There is always the aspect of “political reality” that politicians cannot simply ignore at the demands of the advocates and zealots.  Some issues can only be addressed incrementally because of the alignment of forces on the opposing side.

The tide on transgender participation will turn when suburban moms and dads come to fully realize — through experience — how their daughters will be made to suffer as a result of growing up when parents of little boys wanting to indulge their “wokeness” on society guide their sons into roles involving gender fluidity and take opportunities away from the girls.

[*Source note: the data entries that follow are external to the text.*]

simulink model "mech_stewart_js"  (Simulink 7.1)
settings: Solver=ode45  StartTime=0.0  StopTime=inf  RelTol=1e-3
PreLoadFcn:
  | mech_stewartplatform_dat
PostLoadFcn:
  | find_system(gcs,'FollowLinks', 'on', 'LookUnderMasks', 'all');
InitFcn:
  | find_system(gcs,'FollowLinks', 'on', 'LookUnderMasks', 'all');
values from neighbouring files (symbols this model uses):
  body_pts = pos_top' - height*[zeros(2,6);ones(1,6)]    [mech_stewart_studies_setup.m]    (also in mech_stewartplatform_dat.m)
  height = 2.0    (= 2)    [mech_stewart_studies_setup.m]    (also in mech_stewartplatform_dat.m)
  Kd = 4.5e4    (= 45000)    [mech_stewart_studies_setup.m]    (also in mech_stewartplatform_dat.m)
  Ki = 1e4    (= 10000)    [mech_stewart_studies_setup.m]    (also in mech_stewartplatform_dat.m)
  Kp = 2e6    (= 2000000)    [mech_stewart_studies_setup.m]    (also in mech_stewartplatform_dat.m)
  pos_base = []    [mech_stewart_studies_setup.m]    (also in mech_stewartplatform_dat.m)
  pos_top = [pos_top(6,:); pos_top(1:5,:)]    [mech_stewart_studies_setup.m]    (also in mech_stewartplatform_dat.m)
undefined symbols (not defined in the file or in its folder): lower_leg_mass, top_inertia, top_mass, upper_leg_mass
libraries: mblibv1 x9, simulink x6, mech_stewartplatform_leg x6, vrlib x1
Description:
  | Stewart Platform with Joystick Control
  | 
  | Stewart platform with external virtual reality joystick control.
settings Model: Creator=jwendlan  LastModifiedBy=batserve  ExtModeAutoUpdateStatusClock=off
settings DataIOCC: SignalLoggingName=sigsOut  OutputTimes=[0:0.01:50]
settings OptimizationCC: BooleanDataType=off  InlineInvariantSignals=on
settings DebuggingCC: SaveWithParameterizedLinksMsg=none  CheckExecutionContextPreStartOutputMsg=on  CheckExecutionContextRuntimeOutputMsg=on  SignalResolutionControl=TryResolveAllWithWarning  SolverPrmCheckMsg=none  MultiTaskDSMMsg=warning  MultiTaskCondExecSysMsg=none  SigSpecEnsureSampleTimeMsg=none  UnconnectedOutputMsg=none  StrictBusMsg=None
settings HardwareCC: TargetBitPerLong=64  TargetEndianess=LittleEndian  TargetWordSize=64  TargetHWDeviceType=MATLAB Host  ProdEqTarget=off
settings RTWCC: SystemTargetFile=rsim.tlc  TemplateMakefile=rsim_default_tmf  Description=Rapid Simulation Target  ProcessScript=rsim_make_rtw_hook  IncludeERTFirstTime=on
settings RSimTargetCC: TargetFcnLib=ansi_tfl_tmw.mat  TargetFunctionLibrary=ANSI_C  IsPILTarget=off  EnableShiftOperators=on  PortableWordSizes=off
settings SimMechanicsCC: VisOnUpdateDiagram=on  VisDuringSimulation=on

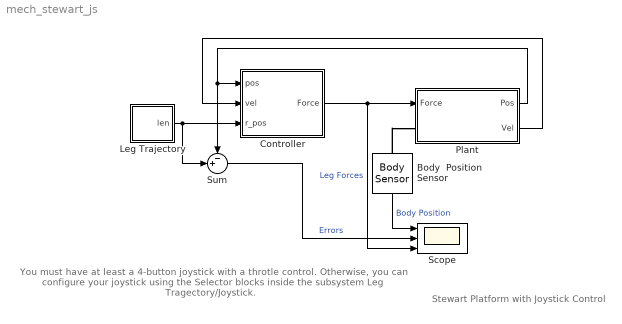
== system mech_stewart_js ==
  note: Stewart Platform
      | with Joystick Control
  note: You must have at least a 4-button
      | joystick with a throtle control.
      | Otherwise, you can configure
      | your joystick using the Selector
      | blocks inside the subsystem
      | Leg Tragectory/Joystick.
  Body  Position Sensor : mblibv1/Sensors &  Actuators/Body Sensor  Orientation=down  DialogController=MECH.DynMechDlgSource  SystemSampleTime=-1  PhysicalDomain=Mechanical  PortType=blob  Muxed=on  Pose=off  Angle=on  AngleUnits=deg  ArcVelocity=off  ArcVelocityUnits=deg/s  ArcAcceleration=off  ArcAccelerationUnits=deg/s^2  CoordPosition=on  CoordPositionUnits=m  Velocity=off  VelocityUnits=m/s  Acceleration=off  AccelerationUnits=m/s^2  Quaternion=on  QuaternionDT=off  QuaternionDDT=off  QuaternionUnits=off  OutputVector=[ 3 ]  ActiveIO=on  Width=3  DialogClass=MechanicalSensorBlock  ReferenceFrame=Absolute (World)
  Controller : Subsystem
  Leg Trajectory : Subsystem
  Plant : Subsystem
  Scope : Scope  NumInputPorts=3
      settings: Tag=OpenMeAtStartUp  YMin=-1~-1.1~-20000  YMax=3.5~1.1~40000
  Sum : Sum  Inputs=-+|  OutDataType=sfix(16)  OutScaling=2^0  SaturateOnIntegerOverflow=on  InputSameDT=on  OutDataTypeStr=Inherit: Same as first input
  wires:
  Controller/1(Force) -> Plant/1(Force), Scope/3  "Leg Forces"
  Body  Position Sensor/1 -> Scope/1  "Body Position"
  Sum/1 -> Scope/2  "Errors"
  Leg Trajectory/1(len) -> Controller/3(r_pos), Sum/2
  Plant/2(Vel) -> Controller/2(vel)
  Plant/1(Pos) -> Controller/1(pos), Sum/1
  connections:
  Body  Position Sensor/LConn1 -- Plant/LConn1

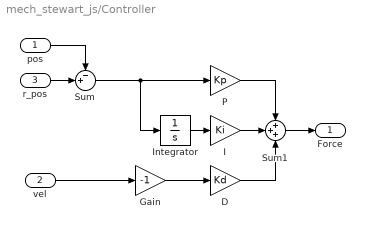
== system mech_stewart_js/Controller ==
  pos : Inport  OutDataType=sfix(16)  OutScaling=2^0
  vel : Inport  Port=2  OutDataType=sfix(16)  OutScaling=2^0
  r_pos : Inport  Port=3  OutDataType=sfix(16)  OutScaling=2^0
  D : Gain  Gain=Kd  ParameterDataType=sfix(16)  ParameterScaling=2^0  OutDataType=sfix(16)  OutScaling=2^0  SaturateOnIntegerOverflow=on  OutDataTypeStr=Inherit: Same as input  ParamDataTypeStr=Inherit: Same as input
  Gain : Gain  Gain=-1  ParameterDataType=sfix(16)  ParameterScaling=2^0  OutDataType=sfix(16)  OutScaling=2^0  SaturateOnIntegerOverflow=on  OutDataTypeStr=Inherit: Same as input  ParamDataTypeStr=Inherit: Same as input
  I : Gain  Gain=Ki  ParameterDataType=sfix(16)  ParameterScaling=2^0  OutDataType=sfix(16)  OutScaling=2^0  SaturateOnIntegerOverflow=on  OutDataTypeStr=Inherit: Same as input  ParamDataTypeStr=Inherit: Same as input
  Integrator : Integrator  InitialCondition=(upper_leg_mass+lower_leg_mass+(top_mass*1.3/6))*9.81/Ki  ZeroCross=off
  P : Gain  Gain=Kp  ParameterDataType=sfix(16)  ParameterScaling=2^0  OutDataType=sfix(16)  OutScaling=2^0  SaturateOnIntegerOverflow=on  OutDataTypeStr=Inherit: Same as input  ParamDataTypeStr=Inherit: Same as input
  Sum : Sum  Inputs=-+|  OutDataType=sfix(16)  OutScaling=2^0  SaturateOnIntegerOverflow=on  InputSameDT=on  OutDataTypeStr=Inherit: Same as first input
  Sum1 : Sum  Inputs=+++  OutDataType=sfix(16)  OutScaling=2^0  SaturateOnIntegerOverflow=on  InputSameDT=on  OutDataTypeStr=Inherit: Same as first input
  Force : Outport  OutDataType=sfix(16)  OutScaling=2^0
  wires:
  Sum/1 -> P/1, Integrator/1
  I/1 -> Sum1/2
  P/1 -> Sum1/1
  Integrator/1 -> I/1
  vel/1 -> Gain/1
  D/1 -> Sum1/3
  pos/1 -> Sum/1
  Sum1/1 -> Force/1
  r_pos/1 -> Sum/2
  Gain/1 -> D/1

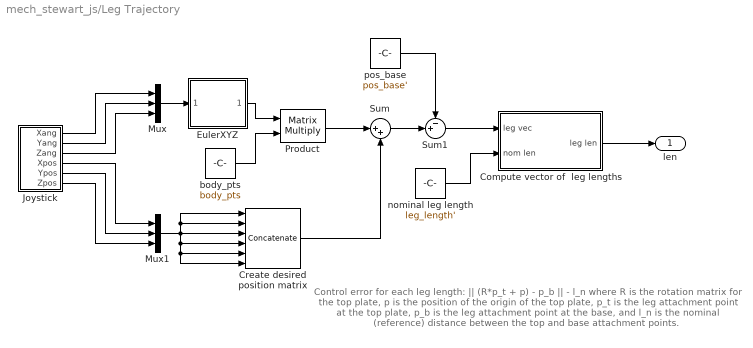
== system mech_stewart_js/Leg Trajectory ==
  note: Control error for each leg length:
      |
      |   || (R*p_t + p) - p_b || - l_n
      |
      | where R is the rotation matrix
      | for the top plate, p is the position
      | of the origin of the top plate, p_t
      | is the leg attachment point at the
      | top plate, p_b is the leg attachment
      | point at the base, and l_n is the
      | nominal (reference) distance between
      | the top and base attachment points.
  Compute vector of  leg lengths : Subsystem  TreatAsAtomicUnit=on
  Create desired position matrix : Concatenate  NumInputs=6  Mode=Multidimensional array  ConcatenateDimension=2
  EulerXYZ : Subsystem
      mask Type: EulerXYZ
      mask Description: Creates the EulerXYZ rotation matrix corresponding to body fixed rotations in the X, Y, and then Z. This matrix maps body vectors to world vectors.
      mask Help:
      | <p>This block determines the EulerXYZ matrix from a 3x1 euler angles in the X, Y, & Z directions. The matrix maps vectors the body axes to the inertial axes.</p>
      | 
      | <p>The block input and output contain more than one signal as described below.</p>
      | 
      | <p><H4>Block Vector Input - Euler XYZ angles</H4>
      |     <ul>
      |     <li>X angle</li>
      |     <li>Y angle</li>
      |     <li>Z angle</li>
      |    </ul>
      |    </p>
      | 
      | <p><H4>Block Matrix Output - XYZ Euler Matrix </H4>
      |     <ul>
      |    </ul>
      |    </p>
      mask Display: disp('Rotation\nMatrix')
  Joystick : Subsystem
  Mux : Mux  Inputs=3
  Mux1 : Mux  Inputs=3
  Product : Product  Multiplication=Matrix(*)  OutDataType=sfix(16)  OutScaling=2^0  SaturateOnIntegerOverflow=on  InputSameDT=on  OutDataTypeStr=Inherit: Same as first input
  Sum : Sum  Inputs=|++  OutDataType=sfix(16)  OutScaling=2^0  SaturateOnIntegerOverflow=on  InputSameDT=on  OutDataTypeStr=Inherit: Same as first input
  Sum1 : Sum  Inputs=-+|  OutDataType=sfix(16)  OutScaling=2^0  SaturateOnIntegerOverflow=on  InputSameDT=on  OutDataTypeStr=Inherit: Same as first input
  body_pts : Constant  Value=body_pts  VectorParams1D=off  OutDataType=sfix(16)  OutScaling=2^0
  nominal leg length : Constant  Value=leg_length'  VectorParams1D=off  OutDataType=sfix(16)  OutScaling=2^0
  pos_base : Constant  Value=pos_base'  VectorParams1D=off  OutDataType=sfix(16)  OutScaling=2^0
  len : Outport  OutDataType=sfix(16)  OutScaling=2^0
  wires:
  Joystick/6(Zpos) -> Mux1/3
  Joystick/5(Ypos) -> Mux1/2
  Joystick/4(Xpos) -> Mux1/1
  Joystick/2(Yang) -> Mux/2
  Joystick/1(Xang) -> Mux/1
  Joystick/3(Zang) -> Mux/3
  Compute vector of  leg lengths/1(leg len) -> len/1
  nominal leg length/1 -> Compute vector of  leg lengths/2(nom len)
  Sum1/1 -> Compute vector of  leg lengths/1(leg vec)
  Sum/1 -> Sum1/2
  pos_base/1 -> Sum1/1
  Create desired position matrix/1 -> Sum/2
  Mux1/1 -> Create desired position matrix/6, Create desired position matrix/5, Create desired position matrix/4, Create desired position matrix/2, Create desired position matrix/1, Create desired position matrix/3
  Product/1 -> Sum/1
  body_pts/1 -> Product/2
  EulerXYZ/1(EulerXYZ) -> Product/1
  Mux/1 -> EulerXYZ/1(x y z angles)

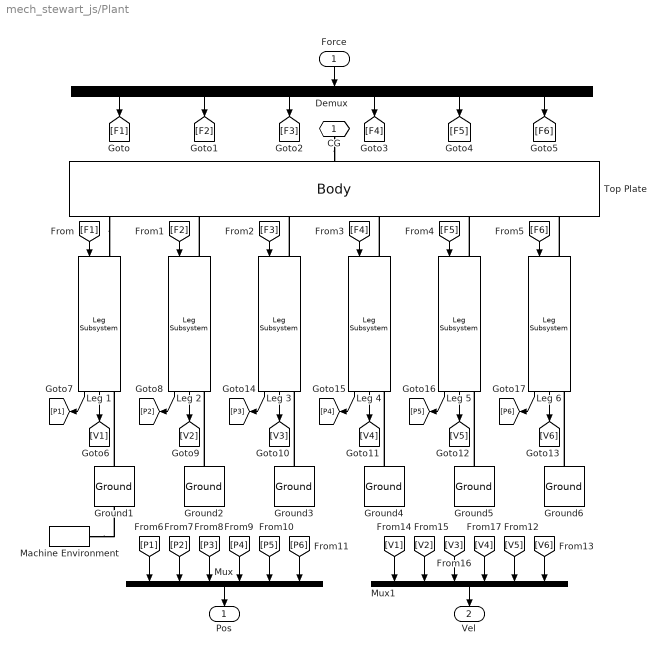
== system mech_stewart_js/Plant ==
  Force : Inport  Orientation=down  OutDataType=sfix(16)  OutScaling=2^0
  Demux : Demux  Orientation=down  Outputs=6
  Ground1 : mblibv1/Bodies/Ground  Orientation=up  DialogController=MECH.DynMechDlgSource  SystemSampleTime=-1  LeftPortType=env  RightPortType=workingframe  PhysicalDomain=Mechanical  DialogClass=GroundBlock  CoordPosition=pos_base(1,:)  CoordPositionUnits=m  StateVectorMgrId=-1  MachineId=[0 0]  ShowEnvPort=on
  Ground2 : mblibv1/Bodies/Ground  Orientation=up  DialogController=MECH.DynMechDlgSource  SystemSampleTime=-1  LeftPortType=env  RightPortType=workingframe  PhysicalDomain=Mechanical  DialogClass=GroundBlock  CoordPosition=pos_base(2,:)  CoordPositionUnits=m  StateVectorMgrId=-1  MachineId=[0 0]  ShowEnvPort=off
  Ground3 : mblibv1/Bodies/Ground  Orientation=up  DialogController=MECH.DynMechDlgSource  SystemSampleTime=-1  LeftPortType=env  RightPortType=workingframe  PhysicalDomain=Mechanical  DialogClass=GroundBlock  CoordPosition=pos_base(3,:)  CoordPositionUnits=m  StateVectorMgrId=-1  MachineId=[0 0]  ShowEnvPort=off
  Ground4 : mblibv1/Bodies/Ground  Orientation=up  DialogController=MECH.DynMechDlgSource  SystemSampleTime=-1  LeftPortType=env  RightPortType=workingframe  PhysicalDomain=Mechanical  DialogClass=GroundBlock  CoordPosition=pos_base(4,:)  CoordPositionUnits=m  StateVectorMgrId=-1  MachineId=[0 0]  ShowEnvPort=off
  Ground5 : mblibv1/Bodies/Ground  Orientation=up  DialogController=MECH.DynMechDlgSource  SystemSampleTime=-1  LeftPortType=env  RightPortType=workingframe  PhysicalDomain=Mechanical  DialogClass=GroundBlock  CoordPosition=pos_base(5,:)  CoordPositionUnits=m  StateVectorMgrId=-1  MachineId=[0 0]  ShowEnvPort=off
  Ground6 : mblibv1/Bodies/Ground  Orientation=up  DialogController=MECH.DynMechDlgSource  SystemSampleTime=-1  LeftPortType=env  RightPortType=workingframe  PhysicalDomain=Mechanical  DialogClass=GroundBlock  CoordPosition=pos_base(6,:)  CoordPositionUnits=m  StateVectorMgrId=-1  MachineId=[0 0]  ShowEnvPort=off
  Leg 1 : mech_stewartplatform_leg/Leg Subsystem  Orientation=down  SystemSampleTime=-1  ln=1
  Leg 2 : mech_stewartplatform_leg/Leg Subsystem  Orientation=down  SystemSampleTime=-1  ln=2
  Leg 3 : mech_stewartplatform_leg/Leg Subsystem  Orientation=down  SystemSampleTime=-1  ln=3
  Leg 4 : mech_stewartplatform_leg/Leg Subsystem  Orientation=down  SystemSampleTime=-1  ln=4
  Leg 5 : mech_stewartplatform_leg/Leg Subsystem  Orientation=down  SystemSampleTime=-1  ln=5
  Leg 6 : mech_stewartplatform_leg/Leg Subsystem  Orientation=down  SystemSampleTime=-1  ln=6
  Machine Environment : mblibv1/Bodies/Machine Environment  Tag=Factory ground  DialogController=MECH.DialogSource  SystemSampleTime=-1  PortType=env  PhysicalDomain=Mechanical  DialogTemplateClass=MECH.MachineEnvironment  SyncWhenCopied=off  Gravity=[0 0 -9.81]  GravityUnits=m/s^2  GravityAsSignal=off  Dimensionality=3D Only  AnalysisType=Forward dynamics  LinearAssemblyTolerance=1e-3  LinearAssemblyToleranceUnits=m  AngularAssemblyTolerance=1e-3  AngularAssemblyToleranceUnits=rad  ConstraintSolverType=Machine precision  ConstraintRelTolerance=1e-4  ConstraintAbsTolerance=1e-4  UseRobustSingularityHandling=on  RedundancyAnalysisToleranceType=Automatically select tolerance  RedundancyAnalysisTolerance=1e-14  StatePerturbationType=Adaptive  PerturbationSize=1e-3  VisualizeMachine=on
  Mux : Mux  Orientation=down  Inputs=6
  Mux1 : Mux  Orientation=down  Inputs=6
  Top Plate : mblibv1/Bodies/Body  Orientation=down  DialogController=MECH.DynMechDlgSource  PhysicalDomain=mechanical  SubClassName=Unknown  LeftPortType=workingframe  RightPortType=workingframe  LConnTagsString=CG  RConnTagsString=CS1|CS2|CS3|CS4|CS5|CS6  DialogClass=MechanicalBodyBlock  Mass=top_mass  MassUnits=kg  InertiaUnits=kg*m^2  Inertia=top_inertia  Shape=Cylinder  ShapeDims=[1 1]  ShapeUnits=m  ShapeUse=false  Density=1  DensityUnits=kg/m^3  DensityUse=false  GraphicsMode=1  BodyColor=[0.5 0.5 0.5]  GraphicsObj=[]  AttachedToCS=1  CG=Left$CG$[0 0 height]$WORLD$WORLD$m$[0 0 0]$Euler X-Y-Z$deg$WORLD$true  WorkingFrames=Right$CS1$pos_top(1,:)$WORLD$WORLD$m$[0 0 0]$Euler X-Y-Z$deg$WORLD$true#Right$CS2$pos_top(2,:)$WORLD$WORLD$m$[0 0 0]$Euler X-Y-Z$deg$WORLD$true#Right$CS3$pos_top(3,:)$WORLD$WORLD$m$[0 0 0]$Euler X-Y-Z$deg$WORLD$true#Right$CS4$pos_top(4,:)$WORLD$WORLD$m$[0 0 0]$Euler X-Y-Z$deg$WORLD$true#Right$CS5$pos_top(5,:)$WORLD$WORLD$m$[0 0 0]$Euler X-Y-Z$deg$WORLD$true#Right$CS6$pos_top(6,:)$WORLD$WORLD$m$[0 0 0]$Euler X-Y-Z$deg$WORLD$true  CGPos=[0 0 height]  CGRot=[0 0 0]  CS0Pos=[]  CS0Rot=[]  CS1Pos=pos_top(1,:)  CS1Rot=[0 0 0]  CS2Pos=pos_top(2,:)  CS2Rot=[0 0 0]  CS3Pos=pos_top(3,:)  CS3Rot=[0 0 0]  CS4Pos=pos_top(4,:)  CS4Rot=[0 0 0]  CS5Pos=pos_top(5,:)  CS5Rot=[0 0 0]  CS6Pos=pos_top(6,:)  CS6Rot=[0 0 0]  CS7Pos=[]  CS7Rot=[]  CS8Pos=[]  CS8Rot=[]  CS9Pos=[]  CS9Rot=[]  CS10Pos=[]  CS10Rot=[]  CS11Pos=[]  CS11Rot=[]  CS12Pos=[]  CS12Rot=[]  CS13Pos=[]  CS13Rot=[]  CS14Pos=[]  CS14Rot=[]  CS15Pos=[]  CS15Rot=[]  CS16Pos=[]  CS16Rot=[]  CS17Pos=[]  CS17Rot=[]  CS18Pos=[]  CS18Rot=[]  CS19Pos=[]  CS19Rot=[]  CS20Pos=[]  CS20Rot=[]
  CG : PMIOPort  Orientation=down  Port=1  Side=Left
  Pos : Outport  Orientation=down  OutDataType=sfix(16)  OutScaling=2^0
  Vel : Outport  Orientation=down  Port=2  OutDataType=sfix(16)  OutScaling=2^0
  wires:
  Force/1 -> Demux/1
  Mux/1 -> Pos/1
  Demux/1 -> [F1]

As for the NCAA, let’s wait to see how advocates for Title IX and the right of women to compete in college athletics react when individual athletic events begin to be dominated by transgender participants.

I read recently that the times of the top 300 high school boys participating in the 400-meter track event at the high school level are faster than the NCAA women’s record in that same event.

Let’s see if the NCAA member schools are as happy with their “inclusivity” rules in practice as they are with them in print.